Active Learning for Massively Parallel Translation of Constrained Text
into Low Resource Languages
- URL: http://arxiv.org/abs/2108.07127v1
- Date: Mon, 16 Aug 2021 14:49:50 GMT
- Title: Active Learning for Massively Parallel Translation of Constrained Text
into Low Resource Languages
- Authors: Zhong Zhou and Alex Waibel
- Abstract summary: We translate a closed text that is known in advance and available in many languages into a new and severely low resource language.
We compare the portion-based approach that optimize coherence of the text locally with the random sampling approach that increases coverage of the text globally.
We propose an algorithm for human and machine to work together seamlessly to translate a closed text into a severely low resource language.
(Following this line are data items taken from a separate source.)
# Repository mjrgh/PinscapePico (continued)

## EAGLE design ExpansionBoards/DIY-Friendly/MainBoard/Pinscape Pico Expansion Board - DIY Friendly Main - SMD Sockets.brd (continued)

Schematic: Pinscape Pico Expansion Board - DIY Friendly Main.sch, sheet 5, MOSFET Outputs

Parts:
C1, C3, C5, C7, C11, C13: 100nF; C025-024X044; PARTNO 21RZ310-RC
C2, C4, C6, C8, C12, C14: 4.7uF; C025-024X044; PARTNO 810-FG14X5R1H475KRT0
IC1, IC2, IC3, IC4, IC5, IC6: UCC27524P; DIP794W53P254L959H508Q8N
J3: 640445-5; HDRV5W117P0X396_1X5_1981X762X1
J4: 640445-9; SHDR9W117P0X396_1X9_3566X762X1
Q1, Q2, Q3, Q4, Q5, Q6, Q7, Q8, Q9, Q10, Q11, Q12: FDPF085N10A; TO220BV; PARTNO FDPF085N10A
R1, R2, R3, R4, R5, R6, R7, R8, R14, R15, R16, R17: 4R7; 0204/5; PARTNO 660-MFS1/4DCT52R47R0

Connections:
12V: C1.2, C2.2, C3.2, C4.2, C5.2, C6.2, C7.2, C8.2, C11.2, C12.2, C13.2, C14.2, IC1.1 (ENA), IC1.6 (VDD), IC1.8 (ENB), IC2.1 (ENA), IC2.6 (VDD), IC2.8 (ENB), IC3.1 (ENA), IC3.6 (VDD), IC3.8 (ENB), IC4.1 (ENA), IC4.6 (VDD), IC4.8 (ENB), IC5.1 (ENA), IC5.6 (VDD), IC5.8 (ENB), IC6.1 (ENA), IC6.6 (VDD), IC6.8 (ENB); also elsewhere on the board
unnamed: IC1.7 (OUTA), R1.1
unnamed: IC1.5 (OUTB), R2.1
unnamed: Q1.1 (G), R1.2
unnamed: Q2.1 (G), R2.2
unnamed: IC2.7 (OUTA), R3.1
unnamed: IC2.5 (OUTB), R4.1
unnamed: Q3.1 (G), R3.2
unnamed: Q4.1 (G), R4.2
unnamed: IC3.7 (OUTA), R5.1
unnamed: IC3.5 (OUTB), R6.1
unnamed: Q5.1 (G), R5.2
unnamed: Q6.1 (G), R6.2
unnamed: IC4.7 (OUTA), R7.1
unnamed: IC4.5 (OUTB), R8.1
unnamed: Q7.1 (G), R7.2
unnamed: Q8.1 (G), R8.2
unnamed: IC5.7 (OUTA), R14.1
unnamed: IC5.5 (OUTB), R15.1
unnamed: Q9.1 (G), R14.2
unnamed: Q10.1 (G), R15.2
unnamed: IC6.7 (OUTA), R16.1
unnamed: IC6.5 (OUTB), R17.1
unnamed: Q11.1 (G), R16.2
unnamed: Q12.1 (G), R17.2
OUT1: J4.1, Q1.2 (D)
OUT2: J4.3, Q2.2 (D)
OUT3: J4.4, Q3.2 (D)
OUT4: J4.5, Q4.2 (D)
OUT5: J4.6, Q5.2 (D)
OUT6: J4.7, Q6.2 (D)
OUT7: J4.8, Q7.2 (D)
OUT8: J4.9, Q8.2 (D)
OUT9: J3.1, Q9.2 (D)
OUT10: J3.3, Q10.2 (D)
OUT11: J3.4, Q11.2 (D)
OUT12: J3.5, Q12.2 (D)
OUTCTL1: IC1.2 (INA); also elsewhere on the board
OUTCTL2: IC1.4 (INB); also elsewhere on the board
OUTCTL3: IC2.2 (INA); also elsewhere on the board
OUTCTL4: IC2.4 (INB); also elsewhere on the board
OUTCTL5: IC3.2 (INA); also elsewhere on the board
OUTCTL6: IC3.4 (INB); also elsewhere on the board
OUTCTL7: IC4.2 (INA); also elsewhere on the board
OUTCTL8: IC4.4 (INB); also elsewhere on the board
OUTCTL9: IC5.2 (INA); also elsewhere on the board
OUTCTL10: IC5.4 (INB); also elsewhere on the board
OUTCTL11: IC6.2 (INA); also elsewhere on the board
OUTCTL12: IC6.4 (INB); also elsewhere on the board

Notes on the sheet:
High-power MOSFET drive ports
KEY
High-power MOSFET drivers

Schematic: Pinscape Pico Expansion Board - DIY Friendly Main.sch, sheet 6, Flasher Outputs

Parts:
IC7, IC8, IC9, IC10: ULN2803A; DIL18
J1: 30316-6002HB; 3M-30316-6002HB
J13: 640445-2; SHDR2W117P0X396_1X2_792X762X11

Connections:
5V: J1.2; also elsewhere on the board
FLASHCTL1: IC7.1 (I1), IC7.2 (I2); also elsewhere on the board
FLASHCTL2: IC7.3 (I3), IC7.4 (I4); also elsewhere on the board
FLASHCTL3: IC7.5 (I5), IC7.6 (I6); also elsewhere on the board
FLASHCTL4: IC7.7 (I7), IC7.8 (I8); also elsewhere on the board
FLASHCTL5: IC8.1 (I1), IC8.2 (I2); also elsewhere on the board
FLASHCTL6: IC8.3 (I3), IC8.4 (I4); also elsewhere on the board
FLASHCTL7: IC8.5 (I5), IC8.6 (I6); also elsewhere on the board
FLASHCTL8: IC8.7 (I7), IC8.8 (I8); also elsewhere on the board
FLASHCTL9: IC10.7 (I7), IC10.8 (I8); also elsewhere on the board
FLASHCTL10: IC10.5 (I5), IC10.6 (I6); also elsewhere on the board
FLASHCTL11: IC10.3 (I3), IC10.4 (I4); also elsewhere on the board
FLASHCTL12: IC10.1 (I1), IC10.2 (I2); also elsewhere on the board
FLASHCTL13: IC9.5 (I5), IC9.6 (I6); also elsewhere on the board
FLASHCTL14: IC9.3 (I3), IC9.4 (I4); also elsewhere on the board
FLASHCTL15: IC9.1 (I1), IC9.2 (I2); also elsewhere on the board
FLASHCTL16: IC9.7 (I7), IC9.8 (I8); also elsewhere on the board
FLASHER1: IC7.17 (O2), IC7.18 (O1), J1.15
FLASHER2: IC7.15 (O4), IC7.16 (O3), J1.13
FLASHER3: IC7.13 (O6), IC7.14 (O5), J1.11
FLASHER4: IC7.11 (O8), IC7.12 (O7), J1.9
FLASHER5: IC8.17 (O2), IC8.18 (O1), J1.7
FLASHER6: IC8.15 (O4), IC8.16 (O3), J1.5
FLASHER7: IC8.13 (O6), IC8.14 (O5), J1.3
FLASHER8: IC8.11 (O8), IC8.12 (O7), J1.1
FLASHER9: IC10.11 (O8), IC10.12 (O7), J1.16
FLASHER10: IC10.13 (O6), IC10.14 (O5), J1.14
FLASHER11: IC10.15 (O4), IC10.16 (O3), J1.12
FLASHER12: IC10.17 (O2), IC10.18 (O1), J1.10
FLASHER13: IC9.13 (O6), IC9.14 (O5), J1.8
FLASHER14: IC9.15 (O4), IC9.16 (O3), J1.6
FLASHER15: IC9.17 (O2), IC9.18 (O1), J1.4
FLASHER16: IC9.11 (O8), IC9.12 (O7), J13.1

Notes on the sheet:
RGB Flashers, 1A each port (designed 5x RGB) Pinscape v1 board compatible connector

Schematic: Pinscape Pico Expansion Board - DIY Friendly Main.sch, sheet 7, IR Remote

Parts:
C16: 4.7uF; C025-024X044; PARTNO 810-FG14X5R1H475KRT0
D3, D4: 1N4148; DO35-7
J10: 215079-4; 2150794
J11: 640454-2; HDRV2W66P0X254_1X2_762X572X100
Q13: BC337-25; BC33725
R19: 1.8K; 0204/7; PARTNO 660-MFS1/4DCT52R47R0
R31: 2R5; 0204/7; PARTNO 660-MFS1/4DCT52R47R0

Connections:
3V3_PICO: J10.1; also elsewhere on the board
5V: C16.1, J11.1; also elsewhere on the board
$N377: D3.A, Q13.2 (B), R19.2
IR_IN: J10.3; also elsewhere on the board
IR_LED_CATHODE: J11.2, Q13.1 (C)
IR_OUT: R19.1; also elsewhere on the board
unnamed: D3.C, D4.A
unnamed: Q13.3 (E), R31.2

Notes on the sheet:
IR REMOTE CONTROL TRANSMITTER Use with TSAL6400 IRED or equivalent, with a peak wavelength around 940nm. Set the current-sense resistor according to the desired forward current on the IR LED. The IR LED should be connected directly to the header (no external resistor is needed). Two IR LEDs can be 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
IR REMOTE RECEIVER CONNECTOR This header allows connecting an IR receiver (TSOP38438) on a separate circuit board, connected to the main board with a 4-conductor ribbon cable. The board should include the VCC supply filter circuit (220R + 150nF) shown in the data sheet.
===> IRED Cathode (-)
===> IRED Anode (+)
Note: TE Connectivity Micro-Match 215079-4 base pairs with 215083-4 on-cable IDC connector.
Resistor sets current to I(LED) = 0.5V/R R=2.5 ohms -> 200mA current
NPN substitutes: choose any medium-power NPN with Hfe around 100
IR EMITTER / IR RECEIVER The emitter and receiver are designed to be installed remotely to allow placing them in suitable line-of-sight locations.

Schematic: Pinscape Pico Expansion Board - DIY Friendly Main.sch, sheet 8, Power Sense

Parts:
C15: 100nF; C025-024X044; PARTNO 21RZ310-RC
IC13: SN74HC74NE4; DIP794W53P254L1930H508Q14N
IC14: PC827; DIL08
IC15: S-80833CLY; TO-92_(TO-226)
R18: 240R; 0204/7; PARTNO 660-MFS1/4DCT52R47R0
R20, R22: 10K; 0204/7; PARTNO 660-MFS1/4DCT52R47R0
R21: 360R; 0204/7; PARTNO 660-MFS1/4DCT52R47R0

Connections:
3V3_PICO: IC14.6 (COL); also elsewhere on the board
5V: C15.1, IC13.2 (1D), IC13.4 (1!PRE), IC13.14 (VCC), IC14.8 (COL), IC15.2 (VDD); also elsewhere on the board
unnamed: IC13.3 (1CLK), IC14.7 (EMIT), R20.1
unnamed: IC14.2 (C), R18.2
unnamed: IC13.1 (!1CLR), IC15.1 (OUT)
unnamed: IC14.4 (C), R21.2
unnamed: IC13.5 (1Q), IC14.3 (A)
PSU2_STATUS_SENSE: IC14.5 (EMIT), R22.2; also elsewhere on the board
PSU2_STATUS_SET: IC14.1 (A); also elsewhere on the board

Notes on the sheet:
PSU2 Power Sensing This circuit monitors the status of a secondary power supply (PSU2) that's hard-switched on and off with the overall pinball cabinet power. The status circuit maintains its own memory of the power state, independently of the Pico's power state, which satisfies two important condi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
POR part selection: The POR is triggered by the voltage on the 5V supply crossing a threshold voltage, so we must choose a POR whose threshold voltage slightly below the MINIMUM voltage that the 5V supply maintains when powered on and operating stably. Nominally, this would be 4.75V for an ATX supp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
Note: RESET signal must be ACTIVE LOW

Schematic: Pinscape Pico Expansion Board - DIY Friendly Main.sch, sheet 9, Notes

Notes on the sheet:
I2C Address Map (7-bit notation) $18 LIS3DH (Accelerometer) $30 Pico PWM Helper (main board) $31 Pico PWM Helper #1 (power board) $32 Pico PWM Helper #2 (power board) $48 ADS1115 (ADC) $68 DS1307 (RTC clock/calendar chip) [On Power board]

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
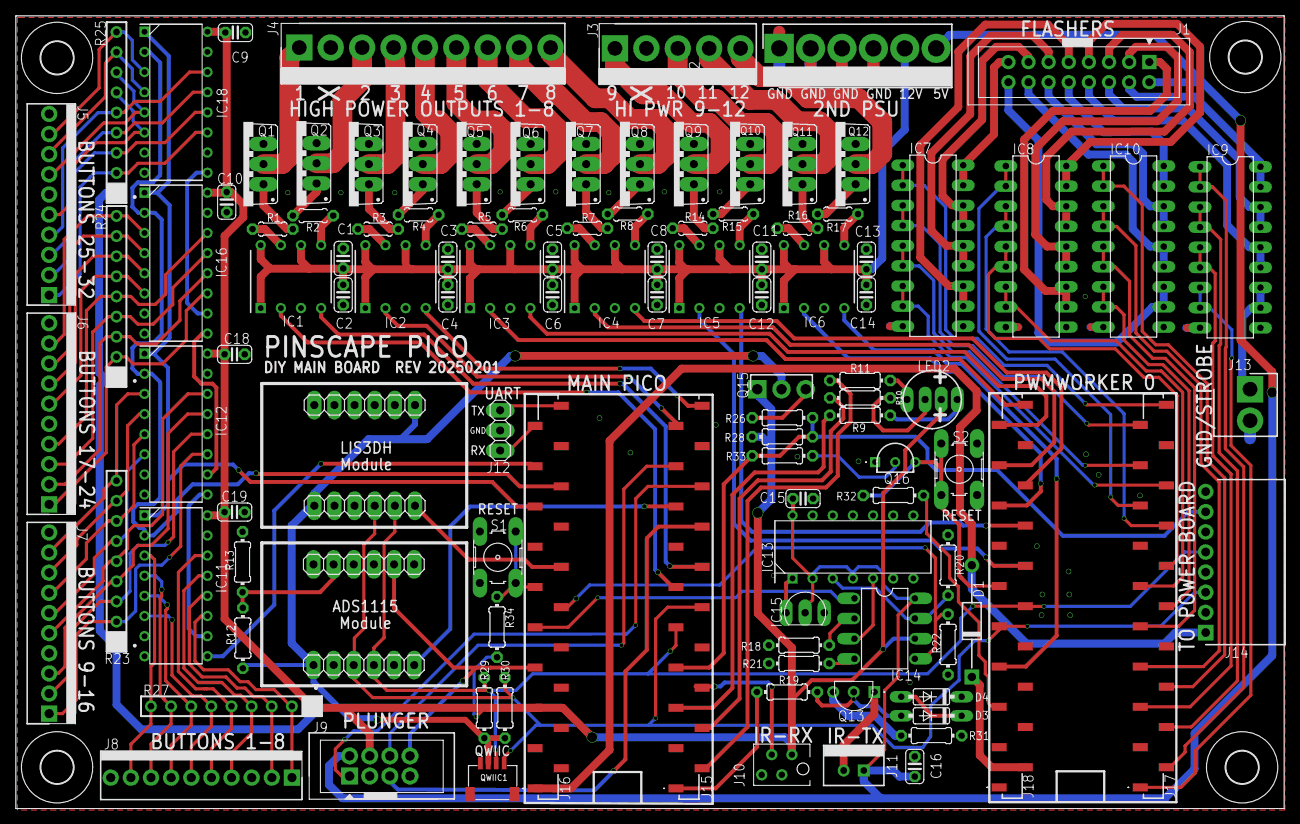
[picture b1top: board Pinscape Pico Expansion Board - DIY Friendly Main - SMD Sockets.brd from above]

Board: 2 copper layers, 160.0 x 100.0 mm, 117 parts (0 on the bottom side), 161 nets.

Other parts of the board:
J15, J16, J17, J18: M20-7862042B; M20-7862042-B
U$1, U$2, U$3, U$4: 4,1

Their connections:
3V3_PICO: J16.5; also elsewhere on the board
ACCEL_INTR: J16.12; also elsewhere on the board
ADC_INTR: J15.15; also elsewhere on the board
BUTTON_CLK: J16.16; also elsewhere on the board
BUTTON_DATA: J16.17; also elsewhere on the board
BUTTON_SHLD: J16.15; also elsewhere on the board
FLASHCTL1: J17.20; also elsewhere on the board
FLASHCTL2: J17.19; also elsewhere on the board
FLASHCTL3: J17.17; also elsewhere on the board
FLASHCTL4: J17.16; also elsewhere on the board
FLASHCTL5: J17.15; also elsewhere on the board
FLASHCTL6: J17.14; also elsewhere on the board
FLASHCTL7: J17.12; also elsewhere on the board
FLASHCTL8: J17.11; also elsewhere on the board
FLASHCTL9: J17.10; also elsewhere on the board
FLASHCTL10: J17.9; also elsewhere on the board
FLASHCTL11: J17.7; also elsewhere on the board
FLASHCTL12: J17.6; also elsewhere on the board
FLASHCTL13: J17.5; also elsewhere on the board
FLASHCTL14: J17.4; also elsewhere on the board
FLASHCTL15: J17.2; also elsewhere on the board
FLASHCTL16: J17.1; also elsewhere on the board
IR_IN: J15.6; also elsewhere on the board
IR_OUT: J15.1; also elsewhere on the board
LED_B: J15.4; also elsewhere on the board
LED_G: J15.2; also elsewhere on the board
LED_R: J15.5; also elsewhere on the board
unnamed 103: J18.2; also elsewhere on the board
unnamed 120: J18.5; also elsewhere on the board
OUTCTL1: J15.11; also elsewhere on the board
OUTCTL2: J15.12; also elsewhere on the board
OUTCTL3: J15.19; also elsewhere on the board
OUTCTL4: J15.20; also elsewhere on the board
OUTCTL5: J18.20; also elsewhere on the board
OUTCTL6: J18.19; also elsewhere on the board
OUTCTL7: J18.17; also elsewhere on the board
OUTCTL8: J18.16; also elsewhere on the board
OUTCTL9: J18.12; also elsewhere on the board
OUTCTL10: J18.14; also elsewhere on the board
OUTCTL11: J18.15; also elsewhere on the board
OUTCTL12: J18.7; also elsewhere on the board
PLUNGER_ADC: J16.7; also elsewhere on the board
PLUNGER_IRQ1_SCL: J15.17; also elsewhere on the board
PLUNGER_IRQ2: J15.14; also elsewhere on the board
PLUNGER_SDA: J15.16; also elsewhere on the board
PSU2_STATUS_SENSE: J16.10; also elsewhere on the board
PSU2_STATUS_SET: J16.9; also elsewhere on the board
UART0_RX: J16.19; also elsewhere on the board
UART0_TX: J16.20; also elsewhere on the board

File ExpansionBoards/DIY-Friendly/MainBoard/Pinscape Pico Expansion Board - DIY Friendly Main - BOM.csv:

Qty,Value,Parts,Description,PARTNO,Comments
2,B3F-1000,"S1, S2","Omron pushbutton switch, SPST, through-hole",B3F-1000,
4,"0.1"" SOCK-HD 1X6","JP1, JP2, JP3, JP4","Pin Socket Header, 1x6",61300611821,
1,"0.1"" PIN-HD 1X3",J12,"Pin Header, 1x3",2PH1-03-UA,
4,"0.1"" SOCK-HD 1X20","PICO1, PICO2","Socket Header, 20 position, 2.54mm pitch",61302011821,
2,Pico-H,"PICO1, PICO2",Raspberry Pi Pico w/pin headers installed,SC0917,
4,MTA100-10PIN,"J5, J6, J7, J8",10 way MTA100 straight friction lock header,1-640456-0,
4,MTA100-10PIN-24AWG,"PLUG_J5, PLUG_J6, PLUG_J7, PLUG_J8","Plug for J5 J6 J7 J8, 10p IDC housing 24 AWG",4-644563-0,
1,100R,R9,"Resistor, 100 Ohm, axial, 2mm 4 xmm",MFR-12FTE52-100R,
11,100nF,"C1, C3, C5, C7, C9, C10, C11, C13, C15, C18, C19","Capacitor, ceramic, 100nF, radial, 2.5mm lead pitch",K104K15X7RF5TL2,
4,10K,"R12, R13, R20, R22","Resistor, 10K, axial, 2mm x 4mm",MFR-12FRF52-10K,
2,10R,"R10, R11","Resistor, 10 Ohm, axial, 2mm 4 xmm",MFR25SFTE52-10R,
2,15K,"R29, R30","Resistor, 15K, axial, 2mm x 4mm",MFR25SFRF52-15K,
1,1K,R26,"Resistor, 1K, axial, 2mm x 4mm",MF0204FTE52-1K,
2,1N4148,"D3, D4","Diode, 1N4148, axial",1N4148-T50A,
1,2.2k,R33,"Resistor, 2.2K, axial, 2mm x 4mm",MF0204FTE52-2K2,
1,MICROMATCH-4PIN,J10,"Connector, Micro-MaTch female-on-board, 4 pin, top entry",215079-4,
1,MICROMATCH-4PIN,PLUG_J10,"Plug for J10, Micro-MaTch male-on-wire, 4 pin, IDC",215083-4,
1,22K,R28,"Resistor, 22K, axial, 2mm 4 xmm",MFR-12FTF52-22K,
1,240R,R18,"Resistor, 240 Ohm, axial, 2mm 4 4mm",MFR25SFTF52-240R,
1,2N2222A,Q16,"NPN transistor, 2N2222A, TO-92, 40V, 600mA",637-2N2222A,
1,2N5195G,Q15,"PNP transistor, 2N5195G, TO-225-3, 80V, 4A",2N5195G,
1,2R5,R31,"Resistor, 2.5 Ohm, 1%, axial, 2mm x 4mm",MFR-25FTE52-2R49,
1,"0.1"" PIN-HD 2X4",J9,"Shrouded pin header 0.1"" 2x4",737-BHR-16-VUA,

- Score: 26.822210580244885
- License: http://creativecommons.org/licenses/by-nc-nd/4.0/
- Abstract: We translate a closed text that is known in advance and available in many
languages into a new and severely low resource language. Most human translation
efforts adopt a portion-based approach to translate consecutive pages/chapters
in order, which may not suit machine translation. We compare the portion-based
approach that optimizes coherence of the text locally with the random sampling
approach that increases coverage of the text globally. Our results show that
the random sampling approach performs better. When training on a seed corpus of
~1,000 lines from the Bible and testing on the rest of the Bible (~30,000
lines), random sampling gives a performance gain of +11.0 BLEU using English as
a simulated low resource language, and +4.9 BLEU using Eastern Pokomchi, a
Mayan language. Furthermore, we compare three ways of updating machine
translation models with increasing amount of human post-edited data through
iterations. We find that adding newly post-edited data to training after
vocabulary update without self-supervision performs the best. We propose an
algorithm for human and machine to work together seamlessly to translate a
closed text into a severely low resource language.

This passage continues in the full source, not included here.